I, too, would like to publicly agree with you. In the past months I have done calculations on (standing) cochlear evanescent waves. These, too, are predicted to occur in strictly ideal (i.e., incompressible) liquids. A common feature of standing evanescent and traveling surface waves is the fulfillment, in small-displacement cases, of the Laplace equation by the liquid sound-pressure [see e.g. de Boer's chapter in the book "The Cochlea" (1996)]. Such cochlear evanescent waves (driven by two simultaneous forces, due to the basilar-membrane stiffness and to active outer hair cells) may occur during the generation of SOAEs (spontaneous oto-acoustic emissions), as described in my just published proceedings paper, "Cochlear Evanescent Liquid Sound-Pressure Waves During Spontaneous Oto-Acoustic Emissions", Canadian Acoustics Vol. 39 No. 3 (2011) 122-123.
With best wishes,
Dr. phil. nat.,
Datum: 31.10.2011 22:47
Betreff: Re: A new paradigm?(On pitch and periodicity (was "correction to post"))
At 4:57 PM -0400 10/31/11, Willem Christiaan Heerens wrote:
>... I really must remind you to the fact that a mechanical vibration
>-- and the sound stimulus is such a vibration -- in a fluid, or in
>this case water like perilymph, will always propagate with the speed
>of sound, which has typically here the value of 1500 m/s. That is
>just one of those constraints dictated by general physics.
No, not "always"; that 1500 m/s wave mode is for longitudinal
pressure waves only. Your conception of "general physics" needs a
slight extension to cover other types of waves. Then the problem
won't be so over-constrained.
In the ear, the stapes doesn't couple much energy into this fast
pressure-wave mode. A much slower propagating vibration mode is
involved in the cochlear traveling waves that use the compliance of
the basilar membrane, as opposed to compression of the fluid, as the
displacement-based restoring force that leads to the wave equations.
This mode has a very different form, doesn't depend on fluid
compressibility, requires a membrane with motion in a suitable
symmetry across it, etc. This is what the physics describes, and
what the models model.
Gravity waves on water are a related, but different, example of
mechanical vibrations that propagate much more slowly than 1500 m/s.
These modes use gravity as the restoring force, and can be put into
analogy with what the membrane does in the cochlea (though it's not
such a close analogy as to give the same wave equations).
Of course, until one acknowledges the basic physics of waves in
incompressible fluids, as described by Lamb and Rayleigh and others
over a hundred years ago, it will not be possible to converge on an
understanding of cochlear models and their traveling waves.

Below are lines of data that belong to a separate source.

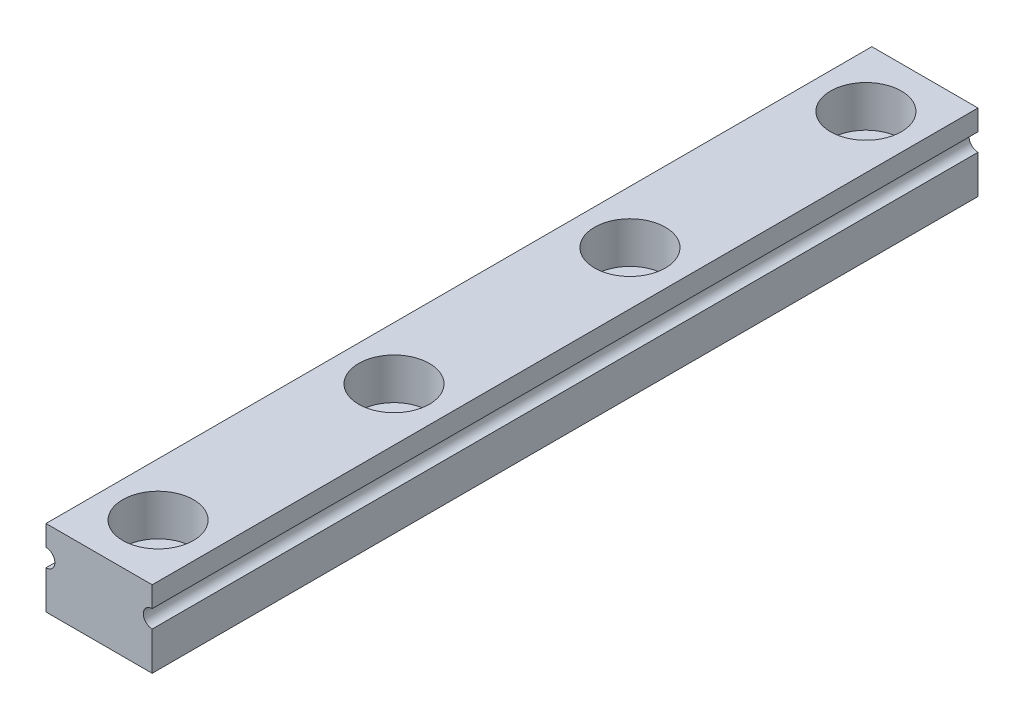
from build123d import *

# Parameters (mm, degrees)
SKETCH_1_W             = 9
SKETCH_1_H             = 6.5
EXTRUDE_1_DEPTH        = 70
SKETCH_3_R             = 0.75
CUT_EXTRUDE_2_DEPTH    = 71.874889771
SKETCH_2_R             = 3
CUT_EXTRUDE_1_DEPTH    = 3.5
SKETCH_4_R             = 1.65
CUT_EXTRUDE_3_DEPTH    = 71.874889771
PATTERN_LINEAR_1_COUNT = 7
PATTERN_LINEAR_1_PITCH = 20


with BuildPart() as part:
    # 草图1 → 凸台-拉伸1 (new body)
    with BuildSketch(Plane.XY):
        with Locations((4.5, 3.25)):
            Rectangle(SKETCH_1_W, SKETCH_1_H)
    extrude(amount=EXTRUDE_1_DEPTH)

    # 草图3 → 切除-拉伸2 (cut, through all)
    with BuildSketch(Plane(origin=(0, 0, 0), x_dir=(-1, 0, 0), z_dir=(0, 0, -1))):
        with Locations((-9, 4)):
            Circle(SKETCH_3_R)
        with Locations((0, 4)):
            Circle(SKETCH_3_R)
    extrude(amount=-CUT_EXTRUDE_2_DEPTH, mode=Mode.SUBTRACT)

    # 草图2 → 切除-拉伸1 (cut)
    with BuildSketch(Plane(origin=(0, 6.5, 0), x_dir=(1, 0, 0), z_dir=(0, 1, 0))):
        with Locations((4.5, -5)):
            Circle(SKETCH_2_R)
    cut_extrude_1 = extrude(amount=-CUT_EXTRUDE_1_DEPTH, mode=Mode.SUBTRACT)

    # 草图4 → 切除-拉伸3 (cut, through all)
    with BuildSketch(Plane(origin=(0, 6.5, 0), x_dir=(1, 0, 0), z_dir=(0, 1, 0))):
        with Locations((4.5, -5)):
            Circle(SKETCH_4_R)
    cut_extrude_3 = extrude(amount=-CUT_EXTRUDE_3_DEPTH, mode=Mode.SUBTRACT)

    # 阵列(线性)1: 切除-拉伸1, 切除-拉伸3 ×7
    with Locations(*[(0, 0, i * PATTERN_LINEAR_1_PITCH) for i in range(1, PATTERN_LINEAR_1_COUNT)]):
        add(cut_extrude_1, mode=Mode.SUBTRACT)
        add(cut_extrude_3, mode=Mode.SUBTRACT)


solid = part.part
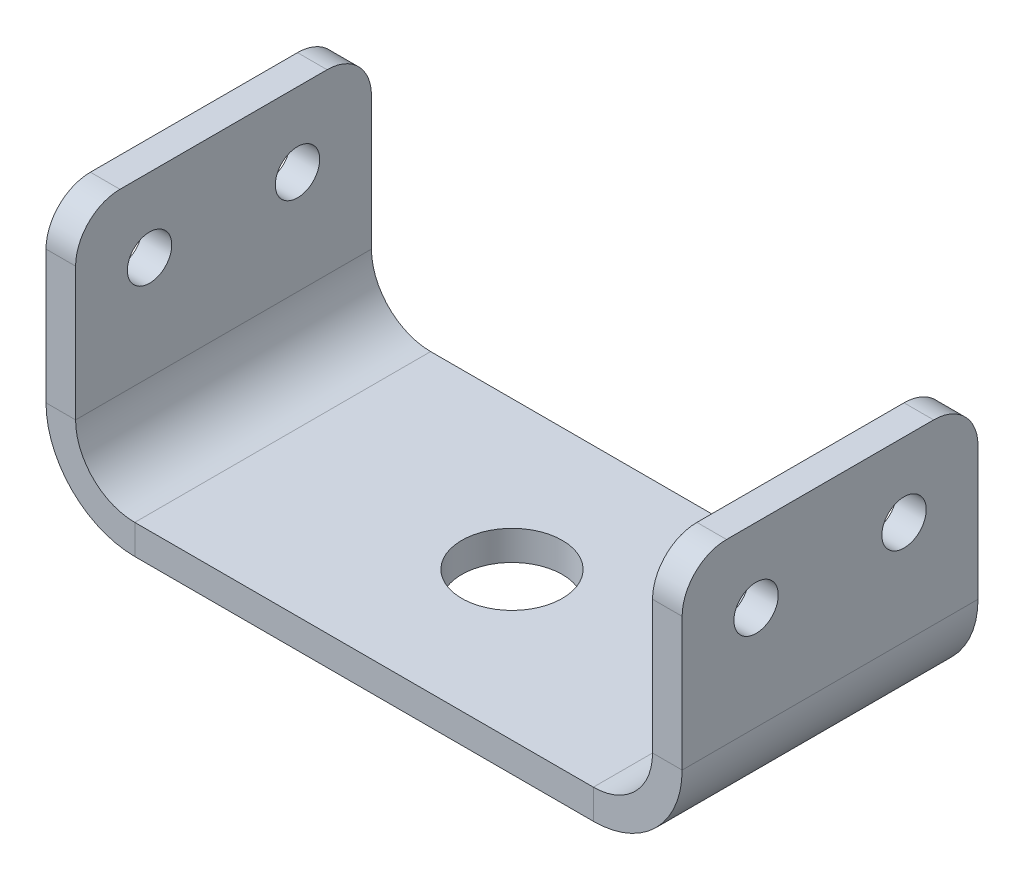
from build123d import *

# Parameters (mm, degrees)
SKETCH1_W            = 20
SKETCH1_H            = 6
BOSS_EXTRUDE1_DEPTH  = 21.5
SKETCH2_W            = 6
SKETCH2_H            = 20
BOSS_EXTRUDE2_DEPTH  = 12
SKETCH7_R            = 1.5
CUT_EXTRUDE1_DEPTH   = 46.749316935
SKETCH8_R            = 3.4
CUT_EXTRUDE2_DEPTH   = 30.769951293
FILLET2_R            = 3
CONVERT_SOLID2_START = -10
CONVERT_SOLID2_DEPTH = 20


# Read off the part's stored shape, not the designer's step: Convert-Solid2
with BuildPart() as part:
    # Sketch1 → Boss-Extrude1 (new, symmetric)
    with BuildSketch(Plane(origin=(0, 0, 0), x_dir=(0, 0, -1), z_dir=(1, 0, 0))):
        with Locations((0, -3)):
            Rectangle(SKETCH1_W, SKETCH1_H)
    extrude(amount=BOSS_EXTRUDE1_DEPTH, both=True)

    # Sketch2 → Boss-Extrude2 (add)
    with BuildSketch(Plane(origin=(0, 0, 0), x_dir=(1, 0, 0), z_dir=(0, 1, 0))):
        with Locations((18.5, 0)):
            Rectangle(SKETCH2_W, SKETCH2_H)
        with Locations((-18.5, 0)):
            Rectangle(SKETCH2_W, SKETCH2_H)
    extrude(amount=BOSS_EXTRUDE2_DEPTH)

    # Sketch7 → Cut-Extrude1 (cut, through all)
    with BuildSketch(Plane.ZY.offset(21.5)):
        with Locations((-5, 7)):
            Circle(SKETCH7_R)
        with Locations((5, 7)):
            Circle(SKETCH7_R)
    extrude(amount=-CUT_EXTRUDE1_DEPTH, mode=Mode.SUBTRACT)

    # Sketch8 → Cut-Extrude2 (cut, through all)
    with BuildSketch(Plane.XZ.offset(6)):
        with Locations(Location((0, 0, 0), (0, 0, 270))):
            Circle(SKETCH8_R)
    extrude(amount=-CUT_EXTRUDE2_DEPTH, mode=Mode.SUBTRACT)

    # Fillet2
    fillet2_edges = [part.edges().sort_by_distance(p)[0] for p in [
        (-18.5, 12, 10),
        (-18.5, 12, -10),
        (18.5, 12, -10),
        (18.5, 12, 10),
    ]]
    fillet(fillet2_edges, radius=FILLET2_R)

    # Convert-Solid2 outline → Convert-Solid2 (cut)
    with BuildSketch(Plane.XY.offset(CONVERT_SOLID2_START)):
        with BuildLine():
            Line((21.5, -6), (21.5, 0))
            ThreePointArc((21.5, 0), (19.742640687, -4.242640687), (15.5, -6))
            Line((15.5, -6), (21.5, -6))
        make_face()
        with BuildLine():
            Line((-21.5, -6), (-15.5, -6))
            ThreePointArc((-15.5, -6), (-19.742640687, -4.242640687), (-21.5, 0))
            Line((-21.5, 0), (-21.5, -6))
        make_face()
        with BuildLine():
            Line((19.5, 0), (19.5, 12))
            Line((19.5, 12), (15.5, 12))
            Line((15.5, 12), (15.5, 0))
            Line((15.5, 0), (-15.5, 0))
            Line((-15.5, 0), (-15.5, 12))
            Line((-15.5, 12), (-19.5, 12))
            Line((-19.5, 12), (-19.5, 0))
            ThreePointArc((-19.5, 0), (-18.328427125, -2.828427125), (-15.5, -4))
            Line((-15.5, -4), (15.5, -4))
            ThreePointArc((15.5, -4), (18.328427125, -2.828427125), (19.5, 0))
        make_face()
    extrude(amount=CONVERT_SOLID2_DEPTH, mode=Mode.SUBTRACT)


solid = part.part
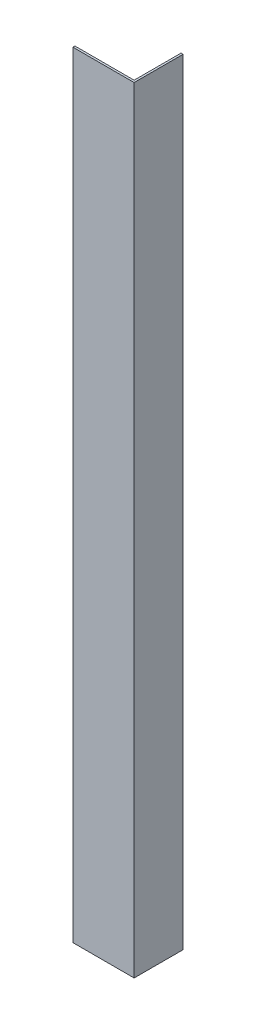
from build123d import *

# Parameters (mm, degrees)
BOSS_EXTRUDE1_DEPTH = 196
CUT_EXTRUDE3_REACH  = 198.939
SKETCH4_W           = 15
SKETCH4_H           = 3


with BuildPart() as part:
    # Sketch1 → Boss-Extrude1 (new body)
    with BuildSketch(Plane(origin=(0, 0, 0), x_dir=(1, 0, 0), z_dir=(0, 1, 0))):
        Polygon((0, 0), (15, 0), (15, 12), (14.5, 12), (14.5, 0.5), (0, 0.5), align=None)
    extrude(amount=BOSS_EXTRUDE1_DEPTH)

    # Sketch4 → Cut-Extrude3 (cut, up to next)
    with BuildSketch(Plane.XY, mode=Mode.PRIVATE) as cut_extrude3_sk1:
        with Locations((7.5, 194.5)):
            Rectangle(SKETCH4_W, SKETCH4_H)
    cut_extrude3_tool1 = extrude(cut_extrude3_sk1.sketch, amount=-CUT_EXTRUDE3_REACH, mode=Mode.PRIVATE) & part.part
    # Sketch4 → Cut-Extrude3 (cut, up to next)
    with BuildSketch(Plane.XY, mode=Mode.PRIVATE) as cut_extrude3_sk2:
        with Locations((7.5, 1.5)):
            Rectangle(SKETCH4_W, SKETCH4_H)
    cut_extrude3_tool2 = extrude(cut_extrude3_sk2.sketch, amount=-CUT_EXTRUDE3_REACH, mode=Mode.PRIVATE) & part.part
    add(cut_extrude3_tool1.solids().sort_by_distance((7.5, 194.5, 0))[0], mode=Mode.SUBTRACT)
    add(cut_extrude3_tool2.solids().sort_by_distance((7.5, 1.5, 0))[0], mode=Mode.SUBTRACT)


solid = part.part

The physics and math are pretty simple, relying only on f=ma for
fluid elements, and conservation of volume for incompressibility, and
something to make a restoring force. To get waves, you need
something to hold potential energy and push back against displacment,
to trade that energy against the kinetic energy of moving fluid.
Fluid compression is one such mechanism, but there are others that
your approach is ignoring. This is what the membrane is about:
springiness, or compliance. The membrane compliance has been
measured, and the measurements fit the physical models and the
observed wave speeds.
Adding some compressibility to the model is also possible, and is
needed to get that fast pressure mode as well, which I agree is
involved in getting the round window to be pushed out when the oval
window is pushed in. But that can be approximated well enough with
incompressible and infinite-velocity pressure waves, since the
wavelengths are so long, as you point out. These pressure waves
don't create any differential pressures around the basilar membrane,
and have negligible associated displacements and velocities
everywhere (even at the windows), compared to the traveling-wave
modes, so they are typically ignored in the discussion of cochlear
hydrodynamics, where the motions are what we care about.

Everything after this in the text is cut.